▸ **Extracted material**

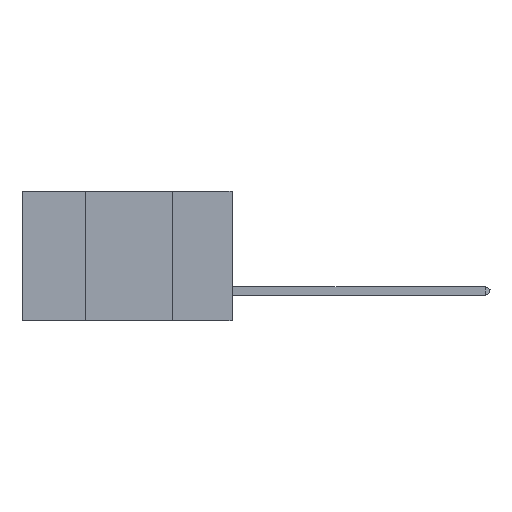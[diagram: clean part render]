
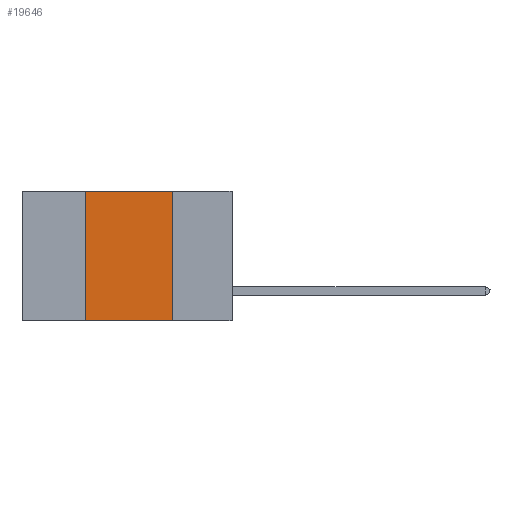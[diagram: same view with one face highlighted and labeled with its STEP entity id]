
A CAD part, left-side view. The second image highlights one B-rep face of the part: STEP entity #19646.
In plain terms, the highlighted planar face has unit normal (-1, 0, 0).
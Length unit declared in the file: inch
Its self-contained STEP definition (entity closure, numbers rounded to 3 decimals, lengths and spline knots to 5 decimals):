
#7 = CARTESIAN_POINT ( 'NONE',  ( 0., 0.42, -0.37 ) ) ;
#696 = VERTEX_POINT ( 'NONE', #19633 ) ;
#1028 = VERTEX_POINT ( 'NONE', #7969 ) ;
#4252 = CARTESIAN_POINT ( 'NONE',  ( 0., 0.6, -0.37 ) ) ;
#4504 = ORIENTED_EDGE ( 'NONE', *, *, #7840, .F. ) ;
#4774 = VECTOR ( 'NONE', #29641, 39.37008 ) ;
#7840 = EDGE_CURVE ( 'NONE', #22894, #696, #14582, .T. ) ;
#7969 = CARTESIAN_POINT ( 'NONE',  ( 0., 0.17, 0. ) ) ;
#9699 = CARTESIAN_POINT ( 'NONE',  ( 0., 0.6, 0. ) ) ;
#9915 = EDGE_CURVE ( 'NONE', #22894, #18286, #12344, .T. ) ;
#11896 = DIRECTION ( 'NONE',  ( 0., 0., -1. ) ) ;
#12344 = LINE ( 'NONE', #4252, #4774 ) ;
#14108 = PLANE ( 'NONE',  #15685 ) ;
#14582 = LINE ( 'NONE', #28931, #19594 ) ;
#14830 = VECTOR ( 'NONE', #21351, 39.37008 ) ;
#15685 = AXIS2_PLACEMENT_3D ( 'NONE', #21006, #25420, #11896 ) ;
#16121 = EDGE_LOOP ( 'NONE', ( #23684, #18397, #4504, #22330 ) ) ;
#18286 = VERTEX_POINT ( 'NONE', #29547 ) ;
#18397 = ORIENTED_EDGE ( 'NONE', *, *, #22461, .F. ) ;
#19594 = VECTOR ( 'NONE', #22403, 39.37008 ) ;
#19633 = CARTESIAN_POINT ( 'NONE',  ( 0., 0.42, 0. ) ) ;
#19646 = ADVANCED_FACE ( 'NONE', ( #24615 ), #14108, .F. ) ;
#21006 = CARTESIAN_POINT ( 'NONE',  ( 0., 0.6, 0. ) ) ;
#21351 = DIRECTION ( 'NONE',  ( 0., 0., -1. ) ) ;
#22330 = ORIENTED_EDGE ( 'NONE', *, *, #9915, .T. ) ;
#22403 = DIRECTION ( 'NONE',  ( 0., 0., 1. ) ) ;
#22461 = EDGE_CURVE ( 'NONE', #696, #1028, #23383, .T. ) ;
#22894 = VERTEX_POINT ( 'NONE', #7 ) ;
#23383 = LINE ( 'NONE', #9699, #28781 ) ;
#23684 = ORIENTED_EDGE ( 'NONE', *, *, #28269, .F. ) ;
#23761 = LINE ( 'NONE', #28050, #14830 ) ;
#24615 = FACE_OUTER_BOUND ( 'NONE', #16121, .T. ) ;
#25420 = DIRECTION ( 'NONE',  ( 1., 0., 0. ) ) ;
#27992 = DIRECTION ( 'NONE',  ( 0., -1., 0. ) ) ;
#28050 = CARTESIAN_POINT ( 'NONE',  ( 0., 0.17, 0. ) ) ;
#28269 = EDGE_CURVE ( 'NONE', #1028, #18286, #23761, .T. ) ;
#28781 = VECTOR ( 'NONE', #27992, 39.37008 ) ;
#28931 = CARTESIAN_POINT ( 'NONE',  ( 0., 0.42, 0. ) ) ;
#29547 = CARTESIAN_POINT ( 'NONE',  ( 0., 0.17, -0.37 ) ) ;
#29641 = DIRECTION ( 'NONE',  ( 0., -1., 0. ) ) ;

▸ **What is needed**
What you return must match, line for line, the data from the line containing "#22894 = VERTEX_POINT ( 'NONE', #7 ) ;" to its end, both ends included.

▸ **Exercise response**
#22894 = VERTEX_POINT ( 'NONE', #7 ) ;
#23383 = LINE ( 'NONE', #9699, #28781 ) ;
#23684 = ORIENTED_EDGE ( 'NONE', *, *, #28269, .F. ) ;
#23761 = LINE ( 'NONE', #28050, #14830 ) ;
#24615 = FACE_OUTER_BOUND ( 'NONE', #16121, .T. ) ;
#25420 = DIRECTION ( 'NONE',  ( 1., 0., 0. ) ) ;
#27992 = DIRECTION ( 'NONE',  ( 0., -1., 0. ) ) ;
#28050 = CARTESIAN_POINT ( 'NONE',  ( 0., 0.17, 0. ) ) ;
#28269 = EDGE_CURVE ( 'NONE', #1028, #18286, #23761, .T. ) ;
#28781 = VECTOR ( 'NONE', #27992, 39.37008 ) ;
#28931 = CARTESIAN_POINT ( 'NONE',  ( 0., 0.42, 0. ) ) ;
#29547 = CARTESIAN_POINT ( 'NONE',  ( 0., 0.17, -0.37 ) ) ;
#29641 = DIRECTION ( 'NONE',  ( 0., -1., 0. ) ) ;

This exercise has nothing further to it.